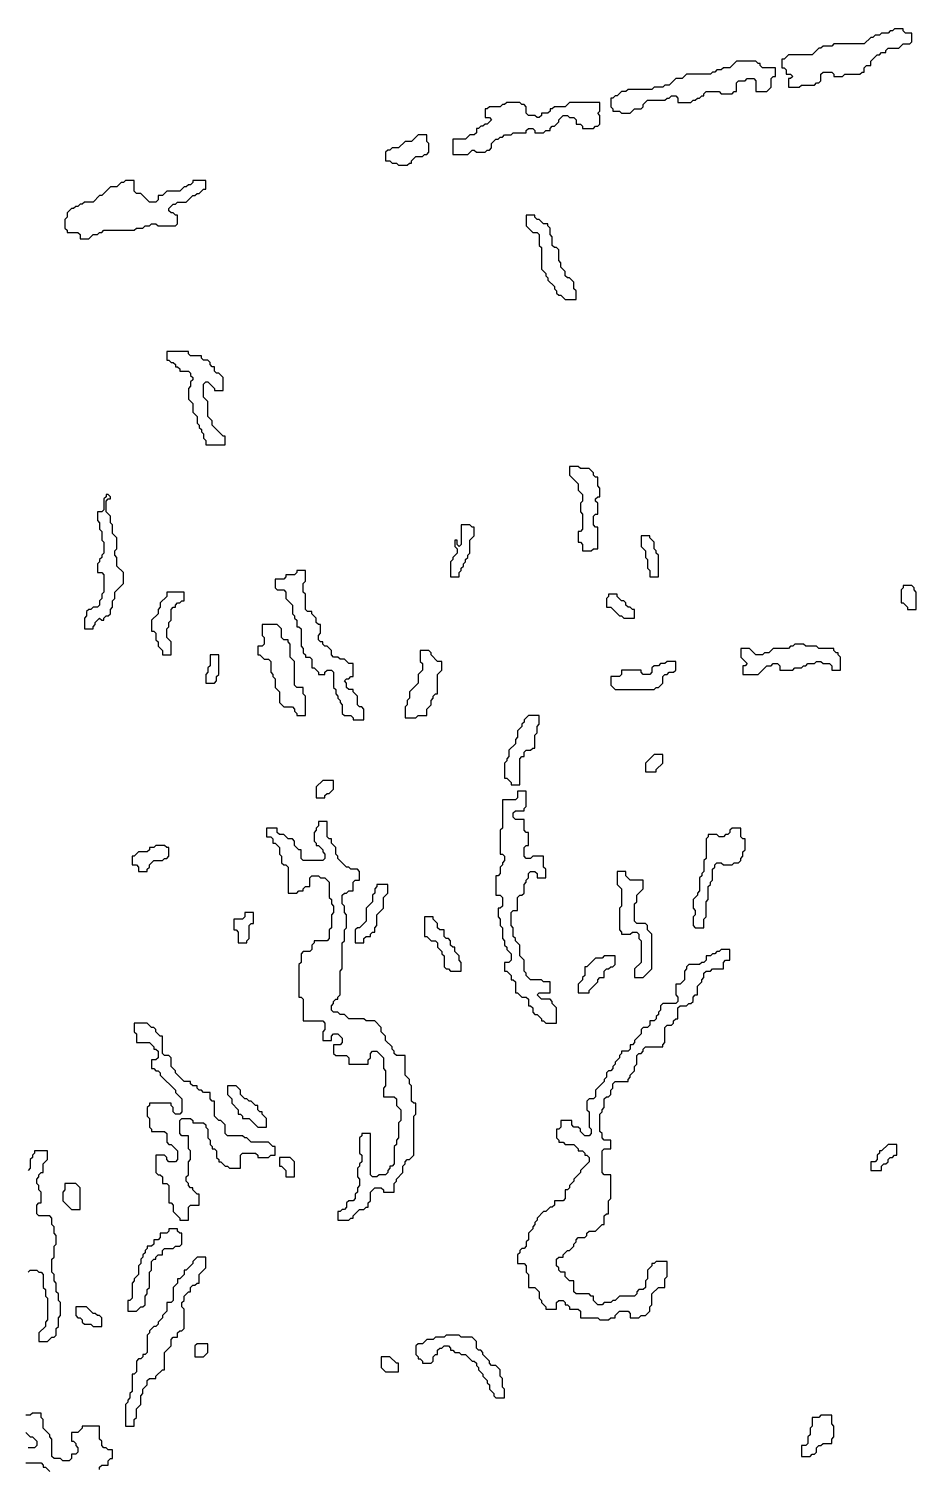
# Model space of a CAD drawing. Header units: metres. Extents: x 0 to 100, y 0 to 141.
# Drawn here: x 59.73 to 69.98, y 120.23 to 136.83 of the extents above; entities that cross this region are included whole.
import ezdxf

# ---------------------------------------------------------------- set-up
doc = ezdxf.new("R2010")
doc.units = ezdxf.units.M

msp = doc.modelspace()

# ---------------------------------------------------------------- linework, layer by layer
for points in [[(69.725, 136.825), (69.7, 136.8), (69.675, 136.8), (69.65, 136.775), (69.575, 136.775), (69.55, 136.75), (69.5, 136.75), (69.475, 136.725), (69.45, 136.725), (69.375, 136.65), (69.025, 136.65), (69, 136.625), (68.9, 136.625), (68.875, 136.6), (68.85, 136.6), (68.775, 136.525), (68.5, 136.525), (68.45, 136.475), (68.425, 136.475), (68.425, 136.375), (68.45, 136.375), (68.475, 136.35), (68.475, 136.3), (68.525, 136.3), (68.55, 136.275), (68.525, 136.25), (68.5, 136.25), (68.5, 136.15), (68.625, 136.15), (68.65, 136.175), (68.8, 136.175), (68.825, 136.2), (68.85, 136.2), (68.875, 136.225), (68.875, 136.3), (68.9, 136.325), (69, 136.325), (69.025, 136.3), (69.025, 136.275), (69.125, 136.275), (69.15, 136.3), (69.325, 136.3), (69.35, 136.325), (69.375, 136.325), (69.375, 136.375), (69.4, 136.4), (69.45, 136.4), (69.45, 136.45), (69.525, 136.525), (69.55, 136.525), (69.575, 136.55), (69.625, 136.55), (69.625, 136.575), (69.65, 136.6), (69.775, 136.6), (69.825, 136.65), (69.9, 136.65), (69.925, 136.675), (69.925, 136.775), (69.85, 136.775), (69.825, 136.8), (69.825, 136.825)], [(67.9, 136.45), (67.825, 136.375), (67.75, 136.375), (67.725, 136.35), (67.675, 136.35), (67.65, 136.325), (67.625, 136.325), (67.6, 136.3), (67.325, 136.3), (67.275, 136.25), (67.2, 136.25), (67.125, 136.175), (67.075, 136.175), (67.05, 136.15), (66.95, 136.15), (66.925, 136.125), (66.65, 136.125), (66.625, 136.1), (66.575, 136.1), (66.525, 136.05), (66.5, 136.05), (66.475, 136.025), (66.45, 136.025), (66.45, 135.925), (66.475, 135.9), (66.475, 135.875), (66.55, 135.875), (66.575, 135.85), (66.675, 135.85), (66.725, 135.9), (66.8, 135.9), (66.825, 135.925), (66.825, 135.95), (66.875, 136), (67.075, 136), (67.1, 136.025), (67.125, 136.025), (67.15, 136.05), (67.2, 136.05), (67.225, 136.025), (67.225, 135.975), (67.375, 135.975), (67.4, 136), (67.425, 136), (67.45, 136.025), (67.475, 136.025), (67.5, 136.05), (67.525, 136.05), (67.525, 136.075), (67.55, 136.1), (67.7, 136.1), (67.725, 136.075), (67.85, 136.075), (67.875, 136.1), (67.9, 136.1), (67.9, 136.2), (67.925, 136.225), (68, 136.225), (68.025, 136.25), (68.1, 136.25), (68.125, 136.225), (68.125, 136.1), (68.25, 136.1), (68.3, 136.15), (68.3, 136.25), (68.325, 136.275), (68.35, 136.275), (68.35, 136.375), (68.2, 136.375), (68.175, 136.4), (68.175, 136.425), (68.15, 136.425), (68.125, 136.45)], [(65.25, 135.975), (65.225, 135.95), (65.2, 135.95), (65.175, 135.925), (65.05, 135.925), (65.025, 135.9), (65, 135.9), (65, 135.8), (65.05, 135.8), (65.075, 135.775), (65.025, 135.725), (65, 135.725), (64.975, 135.7), (64.95, 135.7), (64.925, 135.675), (64.9, 135.675), (64.9, 135.625), (64.875, 135.6), (64.825, 135.6), (64.775, 135.55), (64.625, 135.55), (64.625, 135.375), (64.8, 135.375), (64.85, 135.425), (64.875, 135.425), (64.9, 135.4), (65, 135.4), (65.025, 135.425), (65.05, 135.425), (65.075, 135.45), (65.075, 135.5), (65.125, 135.55), (65.15, 135.55), (65.175, 135.575), (65.2, 135.575), (65.225, 135.6), (65.3, 135.6), (65.325, 135.625), (65.475, 135.625), (65.475, 135.65), (65.5, 135.675), (65.55, 135.675), (65.575, 135.65), (65.575, 135.625), (65.675, 135.625), (65.7, 135.65), (65.75, 135.65), (65.75, 135.675), (65.775, 135.7), (65.8, 135.7), (65.85, 135.75), (65.85, 135.775), (65.9, 135.825), (65.95, 135.825), (65.975, 135.8), (66.025, 135.8), (66.05, 135.775), (66.05, 135.725), (66.1, 135.725), (66.125, 135.7), (66.125, 135.675), (66.25, 135.675), (66.275, 135.7), (66.3, 135.7), (66.325, 135.725), (66.325, 135.825), (66.3, 135.85), (66.325, 135.875), (66.325, 135.975), (65.975, 135.975), (65.925, 135.925), (65.8, 135.925), (65.775, 135.9), (65.75, 135.9), (65.75, 135.875), (65.725, 135.85), (65.65, 135.85), (65.65, 135.825), (65.625, 135.8), (65.6, 135.8), (65.575, 135.825), (65.5, 135.825), (65.475, 135.85), (65.475, 135.925), (65.45, 135.95), (65.425, 135.95), (65.4, 135.975)], [(64.225, 135.6), (64.15, 135.525), (64.075, 135.525), (64, 135.45), (63.925, 135.45), (63.9, 135.425), (63.875, 135.425), (63.85, 135.4), (63.85, 135.3), (63.9, 135.3), (63.925, 135.275), (63.975, 135.275), (64, 135.25), (64.1, 135.25), (64.125, 135.275), (64.15, 135.275), (64.15, 135.3), (64.2, 135.35), (64.275, 135.35), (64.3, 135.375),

Problem: Within the listing above, give again exactly every line from the line with "doc.units = ezdxf.units.M" through the line with "layer by layer", both included, and no other line.

Exercise result:
doc.units = ezdxf.units.M

msp = doc.modelspace()

# ---------------------------------------------------------------- linework, layer by layer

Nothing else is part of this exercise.